At Chef, the Band Will Always Play

May 30th, 2017 12:35pm by
Featued image for: At Chef, the Band Will Always Play

In his keynote last week at ChefConf in Austin, Texas, CTO Adam Jacob borrowed legendary hip-hop band The Roots — known to Americans as the house band for NBC’s Tonight Show Starring Jimmy Fallon — to demonstrate how the promise of an experience remains the same, but the development may actually change.

Fans have an unchanging expectation of seeing The Roots perform, said Jacob, but those who see the band several times soon realize they never see the same performance twice. So the band must practice, he went on, to make sure their delivery is just right, and that their act exceeds their fans’ expectations.
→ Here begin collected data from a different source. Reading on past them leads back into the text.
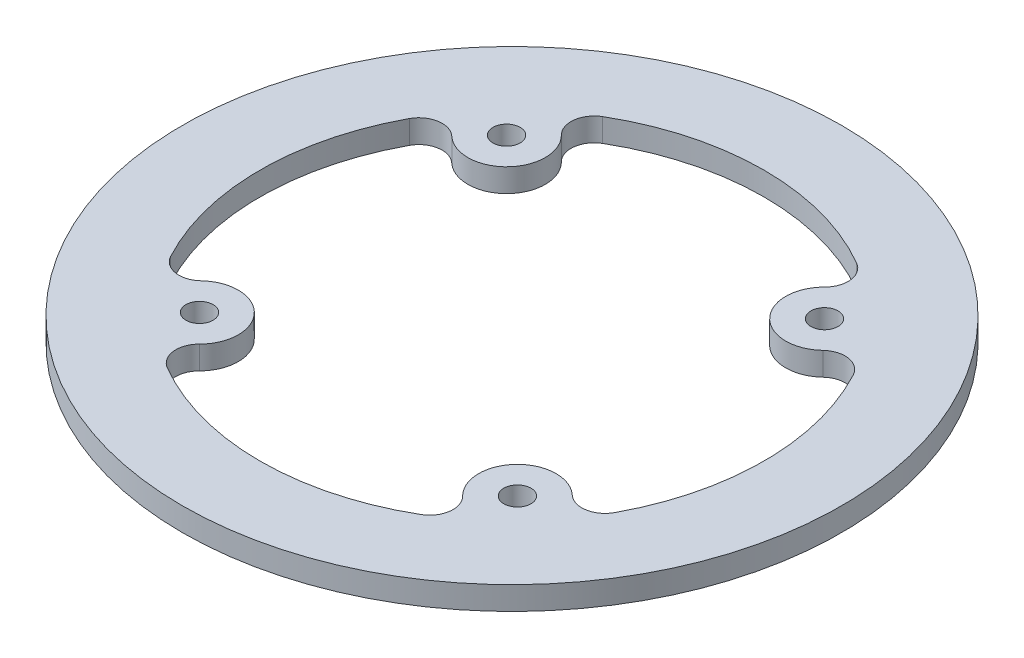
ISO-10303-21;
HEADER;
FILE_DESCRIPTION(('STEP AP214'),'2;1');
FILE_NAME('part.step','',(''),(''),'','','');
FILE_SCHEMA(('AUTOMOTIVE_DESIGN { 1 0 10303 214 1 1 1 1 }'));
ENDSEC;
DATA;
#1=APPLICATION_CONTEXT('core data for automotive mechanical design processes');
#2=APPLICATION_PROTOCOL_DEFINITION('international standard','automotive_design',2000,#1);
#3=PRODUCT_CONTEXT('',#1,'mechanical');
#4=PRODUCT('Part','Part','',(#3));
#5=PRODUCT_RELATED_PRODUCT_CATEGORY('part','',(#4));
#6=PRODUCT_DEFINITION_FORMATION('','',#4);
#7=PRODUCT_DEFINITION_CONTEXT('part definition',#1,'design');
#8=PRODUCT_DEFINITION('design','',#6,#7);
#9=PRODUCT_DEFINITION_SHAPE('','',#8);
#10=(LENGTH_UNIT() NAMED_UNIT(*) SI_UNIT(.MILLI.,.METRE.));
#11=(NAMED_UNIT(*) PLANE_ANGLE_UNIT() SI_UNIT($,.RADIAN.));
#12=(NAMED_UNIT(*) SI_UNIT($,.STERADIAN.) SOLID_ANGLE_UNIT());
#13=UNCERTAINTY_MEASURE_WITH_UNIT(LENGTH_MEASURE(1.E-05),#10,'distance_accuracy_value','');
#14=(GEOMETRIC_REPRESENTATION_CONTEXT(3) GLOBAL_UNCERTAINTY_ASSIGNED_CONTEXT((#13)) GLOBAL_UNIT_ASSIGNED_CONTEXT((#10,
#11,#12)) REPRESENTATION_CONTEXT('',''));
#15=CARTESIAN_POINT('',(0.,0.,0.));
#16=DIRECTION('',(0.,0.,1.));
#17=DIRECTION('',(1.,0.,0.));
#18=AXIS2_PLACEMENT_3D('',#15,#16,#17);
#19=CARTESIAN_POINT('',(0.,3.,0.));
#20=DIRECTION('',(0.,1.,0.));
#21=DIRECTION('',(0.,0.,1.));
#22=AXIS2_PLACEMENT_3D('',#19,#20,#21);
#23=PLANE('',#22);
#24=CARTESIAN_POINT('',(20.5,3.,-19.7989898732233));
#25=DIRECTION('',(0.,1.,0.));
#26=DIRECTION('',(0.,0.,1.));
#27=AXIS2_PLACEMENT_3D('',#24,#25,#26);
#28=CIRCLE('',#27,1.75);
#29=CARTESIAN_POINT('',(20.5,3.,-18.0489898732233));
#30=VERTEX_POINT('',#29);
#31=EDGE_CURVE('E267',#30,#30,#28,.T.);
#32=ORIENTED_EDGE('',*,*,#31,.F.);
#33=EDGE_LOOP('',(#32));
#34=FACE_BOUND('',#33,.T.);
#35=CARTESIAN_POINT('',(-20.5,3.,19.7989898732233));
#36=DIRECTION('',(0.,1.,0.));
#37=DIRECTION('',(0.,0.,1.));
#38=AXIS2_PLACEMENT_3D('',#35,#36,#37);
#39=CIRCLE('',#38,1.75);
#40=CARTESIAN_POINT('',(-20.5,3.,21.5489898732233));
#41=VERTEX_POINT('',#40);
#42=EDGE_CURVE('E252',#41,#41,#39,.T.);
#43=ORIENTED_EDGE('',*,*,#42,.F.);
#44=EDGE_LOOP('',(#43));
#45=FACE_BOUND('',#44,.T.);
#46=CARTESIAN_POINT('',(0.,3.,0.));
#47=DIRECTION('',(0.,1.,0.));
#48=DIRECTION('',(0.,0.,1.));
#49=AXIS2_PLACEMENT_3D('',#46,#47,#48);
#50=CIRCLE('',#49,42.5);
#51=CARTESIAN_POINT('',(0.,3.,42.5));
#52=VERTEX_POINT('',#51);
#53=EDGE_CURVE('E182',#52,#52,#50,.T.);
#54=ORIENTED_EDGE('',*,*,#53,.T.);
#55=EDGE_LOOP('',(#54));
#56=FACE_BOUND('',#55,.T.);
#57=CARTESIAN_POINT('',(20.5,3.,19.7989898732233));
#58=DIRECTION('',(0.,1.,0.));
#59=DIRECTION('',(0.,0.,1.));
#60=AXIS2_PLACEMENT_3D('',#57,#58,#59);
#61=CIRCLE('',#60,1.75);
#62=CARTESIAN_POINT('',(20.5,3.,21.5489898732233));
#63=VERTEX_POINT('',#62);
#64=EDGE_CURVE('E258',#63,#63,#61,.T.);
#65=ORIENTED_EDGE('',*,*,#64,.F.);
#66=EDGE_LOOP('',(#65));
#67=FACE_BOUND('',#66,.T.);
#68=CARTESIAN_POINT('',(-20.5,3.,-19.7989898732233));
#69=DIRECTION('',(0.,1.,0.));
#70=DIRECTION('',(0.,0.,1.));
#71=AXIS2_PLACEMENT_3D('',#68,#69,#70);
#72=CIRCLE('',#71,1.75);
#73=CARTESIAN_POINT('',(-20.5,3.,-18.0489898732233));
#74=VERTEX_POINT('',#73);
#75=EDGE_CURVE('E259',#74,#74,#72,.T.);
#76=ORIENTED_EDGE('',*,*,#75,.F.);
#77=EDGE_LOOP('',(#76));
#78=FACE_BOUND('',#77,.T.);
#79=CARTESIAN_POINT('',(0.,3.,0.));
#80=DIRECTION('',(0.,1.,0.));
#81=DIRECTION('',(0.,0.,1.));
#82=AXIS2_PLACEMENT_3D('',#79,#80,#81);
#83=CIRCLE('',#82,32.5);
#84=CARTESIAN_POINT('',(16.3790683172023,3.,-28.0709123660137));
#85=VERTEX_POINT('',#84);
#86=CARTESIAN_POINT('',(-16.3790683172023,3.,-28.0709123660137));
#87=VERTEX_POINT('',#86);
#88=EDGE_CURVE('E166',#85,#87,#83,.T.);
#89=ORIENTED_EDGE('',*,*,#88,.F.);
#90=CARTESIAN_POINT('',(14.8671543186913,3.,-25.4797512245355));
#91=DIRECTION('',(0.,1.,0.));
#92=DIRECTION('',(0.,0.,1.));
#93=AXIS2_PLACEMENT_3D('',#90,#91,#92);
#94=CIRCLE('',#93,3.);
#95=CARTESIAN_POINT('',(16.9794714491821,3.,-23.3494657177934));
#96=VERTEX_POINT('',#95);
#97=EDGE_CURVE('E163',#85,#96,#94,.F.);
#98=ORIENTED_EDGE('',*,*,#97,.T.);
#99=CARTESIAN_POINT('',(20.5,3.,-19.7989898732233));
#100=DIRECTION('',(0.,1.,0.));
#101=DIRECTION('',(0.,0.,1.));
#102=AXIS2_PLACEMENT_3D('',#99,#100,#101);
#103=CIRCLE('',#102,5.);
#104=CARTESIAN_POINT('',(23.9258840448161,3.,-16.1571059498295));
#105=VERTEX_POINT('',#104);
#106=EDGE_CURVE('E165',#96,#105,#103,.T.);
#107=ORIENTED_EDGE('',*,*,#106,.T.);
#108=CARTESIAN_POINT('',(25.9814144717057,3.,-13.9719755957932));
#109=DIRECTION('',(0.,1.,0.));
#110=DIRECTION('',(0.,0.,1.));
#111=AXIS2_PLACEMENT_3D('',#108,#109,#110);
#112=CIRCLE('',#111,3.);
#113=CARTESIAN_POINT('',(28.6235922145911,3.,-15.3928544699416));
#114=VERTEX_POINT('',#113);
#115=EDGE_CURVE('E225',#105,#114,#112,.F.);
#116=ORIENTED_EDGE('',*,*,#115,.T.);
#117=CARTESIAN_POINT('',(28.6235922145911,3.,15.3928544699416));
#118=VERTEX_POINT('',#117);
#119=EDGE_CURVE('E349',#118,#114,#83,.T.);
#120=ORIENTED_EDGE('',*,*,#119,.F.);
#121=CARTESIAN_POINT('',(25.9814144717057,3.,13.9719755957932));
#122=DIRECTION('',(0.,1.,0.));
#123=DIRECTION('',(0.,0.,1.));
#124=AXIS2_PLACEMENT_3D('',#121,#122,#123);
#125=CIRCLE('',#124,3.);
#126=CARTESIAN_POINT('',(23.9258840448161,3.,16.1571059498295));
#127=VERTEX_POINT('',#126);
#128=EDGE_CURVE('E229',#118,#127,#125,.F.);
#129=ORIENTED_EDGE('',*,*,#128,.T.);
#130=CARTESIAN_POINT('',(20.5,3.,19.7989898732233));
#131=DIRECTION('',(0.,1.,0.));
#132=DIRECTION('',(0.,0.,1.));
#133=AXIS2_PLACEMENT_3D('',#130,#131,#132);
#134=CIRCLE('',#133,5.);
#135=CARTESIAN_POINT('',(16.9794714491821,3.,23.3494657177934));
#136=VERTEX_POINT('',#135);
#137=EDGE_CURVE('E190',#127,#136,#134,.T.);
#138=ORIENTED_EDGE('',*,*,#137,.T.);
#139=CARTESIAN_POINT('',(14.8671543186913,3.,25.4797512245355));
#140=DIRECTION('',(0.,1.,0.));
#141=DIRECTION('',(0.,0.,1.));
#142=AXIS2_PLACEMENT_3D('',#139,#140,#141);
#143=CIRCLE('',#142,3.);
#144=CARTESIAN_POINT('',(16.3790683172023,3.,28.0709123660137));
#145=VERTEX_POINT('',#144);
#146=EDGE_CURVE('E233',#136,#145,#143,.F.);
#147=ORIENTED_EDGE('',*,*,#146,.T.);
#148=CARTESIAN_POINT('',(-16.3790683172023,3.,28.0709123660137));
#149=VERTEX_POINT('',#148);
#150=EDGE_CURVE('E356',#149,#145,#83,.T.);
#151=ORIENTED_EDGE('',*,*,#150,.F.);
#152=CARTESIAN_POINT('',(-14.8671543186913,3.,25.4797512245355));
#153=DIRECTION('',(0.,1.,0.));
#154=DIRECTION('',(0.,0.,1.));
#155=AXIS2_PLACEMENT_3D('',#152,#153,#154);
#156=CIRCLE('',#155,3.);
#157=CARTESIAN_POINT('',(-16.9794714491821,3.,23.3494657177934));
#158=VERTEX_POINT('',#157);
#159=EDGE_CURVE('E237',#149,#158,#156,.F.);
#160=ORIENTED_EDGE('',*,*,#159,.T.);
#161=CARTESIAN_POINT('',(-20.5,3.,19.7989898732233));
#162=DIRECTION('',(0.,1.,0.));
#163=DIRECTION('',(0.,0.,1.));
#164=AXIS2_PLACEMENT_3D('',#161,#162,#163);
#165=CIRCLE('',#164,5.);
#166=CARTESIAN_POINT('',(-23.9258840448161,3.,16.1571059498295));
#167=VERTEX_POINT('',#166);
#168=EDGE_CURVE('E370',#158,#167,#165,.T.);
#169=ORIENTED_EDGE('',*,*,#168,.T.);
#170=CARTESIAN_POINT('',(-25.9814144717057,3.,13.9719755957932));
#171=DIRECTION('',(0.,1.,0.));
#172=DIRECTION('',(0.,0.,1.));
#173=AXIS2_PLACEMENT_3D('',#170,#171,#172);
#174=CIRCLE('',#173,3.);
#175=CARTESIAN_POINT('',(-28.6235922145911,3.,15.3928544699416));
#176=VERTEX_POINT('',#175);
#177=EDGE_CURVE('E241',#167,#176,#174,.F.);
#178=ORIENTED_EDGE('',*,*,#177,.T.);
#179=CARTESIAN_POINT('',(-28.6235922145911,3.,-15.3928544699416));
#180=VERTEX_POINT('',#179);
#181=EDGE_CURVE('E368',#180,#176,#83,.T.);
#182=ORIENTED_EDGE('',*,*,#181,.F.);
#183=CARTESIAN_POINT('',(-25.9814144717057,3.,-13.9719755957932));
#184=DIRECTION('',(0.,1.,0.));
#185=DIRECTION('',(0.,0.,1.));
#186=AXIS2_PLACEMENT_3D('',#183,#184,#185);
#187=CIRCLE('',#186,3.);
#188=CARTESIAN_POINT('',(-23.9258840448161,3.,-16.1571059498295));
#189=VERTEX_POINT('',#188);
#190=EDGE_CURVE('E56',#180,#189,#187,.F.);
#191=ORIENTED_EDGE('',*,*,#190,.T.);
#192=CARTESIAN_POINT('',(-20.5,3.,-19.7989898732233));
#193=DIRECTION('',(0.,1.,0.));
#194=DIRECTION('',(0.,0.,1.));
#195=AXIS2_PLACEMENT_3D('',#192,#193,#194);
#196=CIRCLE('',#195,5.);
#197=CARTESIAN_POINT('',(-16.9794714491821,3.,-23.3494657177934));
#198=VERTEX_POINT('',#197);
#199=EDGE_CURVE('E367',#189,#198,#196,.T.);
#200=ORIENTED_EDGE('',*,*,#199,.T.);
#201=CARTESIAN_POINT('',(-14.8671543186913,3.,-25.4797512245355));
#202=DIRECTION('',(0.,1.,0.));
#203=DIRECTION('',(0.,0.,1.));
#204=AXIS2_PLACEMENT_3D('',#201,#202,#203);
#205=CIRCLE('',#204,3.);
#206=EDGE_CURVE('E245',#198,#87,#205,.F.);
#207=ORIENTED_EDGE('',*,*,#206,.T.);
#208=EDGE_LOOP('',(#89,#98,#107,#116,#120,#129,#138,#147,#151,#160,#169,#178,#182,#191,#200,#207));
#209=FACE_BOUND('',#208,.T.);
#210=ADVANCED_FACE('F47',(#34,#45,#56,#67,#78,#209),#23,.T.);
#211=CARTESIAN_POINT('',(0.,0.,0.));
#212=DIRECTION('',(0.,1.,0.));
#213=DIRECTION('',(0.,0.,1.));
#214=AXIS2_PLACEMENT_3D('',#211,#212,#213);
#215=PLANE('',#214);
#216=CARTESIAN_POINT('',(-20.5,0.,-19.7989898732233));
#217=DIRECTION('',(0.,1.,0.));
#218=DIRECTION('',(0.,0.,1.));
#219=AXIS2_PLACEMENT_3D('',#216,#217,#218);
#220=CIRCLE('',#219,1.75);
#221=CARTESIAN_POINT('',(-20.5,0.,-18.0489898732233));
#222=VERTEX_POINT('',#221);
#223=EDGE_CURVE('E263',#222,#222,#220,.T.);
#224=ORIENTED_EDGE('',*,*,#223,.T.);
#225=EDGE_LOOP('',(#224));
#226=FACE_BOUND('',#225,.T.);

And yes, there’s a point: “There’s a real problem with the way we’ve drawn the API boundaries,” the CTO told us. “We think about an application through its lifecycle, and right now, that might be eight or ten different things that provide that application’s lifecycle. I think that’s a really big mistake, when you think about it in that context of The Roots, because if I was to swap out, say, the build part of that pipeline that’s eight or ten or twelve or twenty steps long, it will have this cascading side-effect across all the rest of that pipeline. They’re all interconnected.”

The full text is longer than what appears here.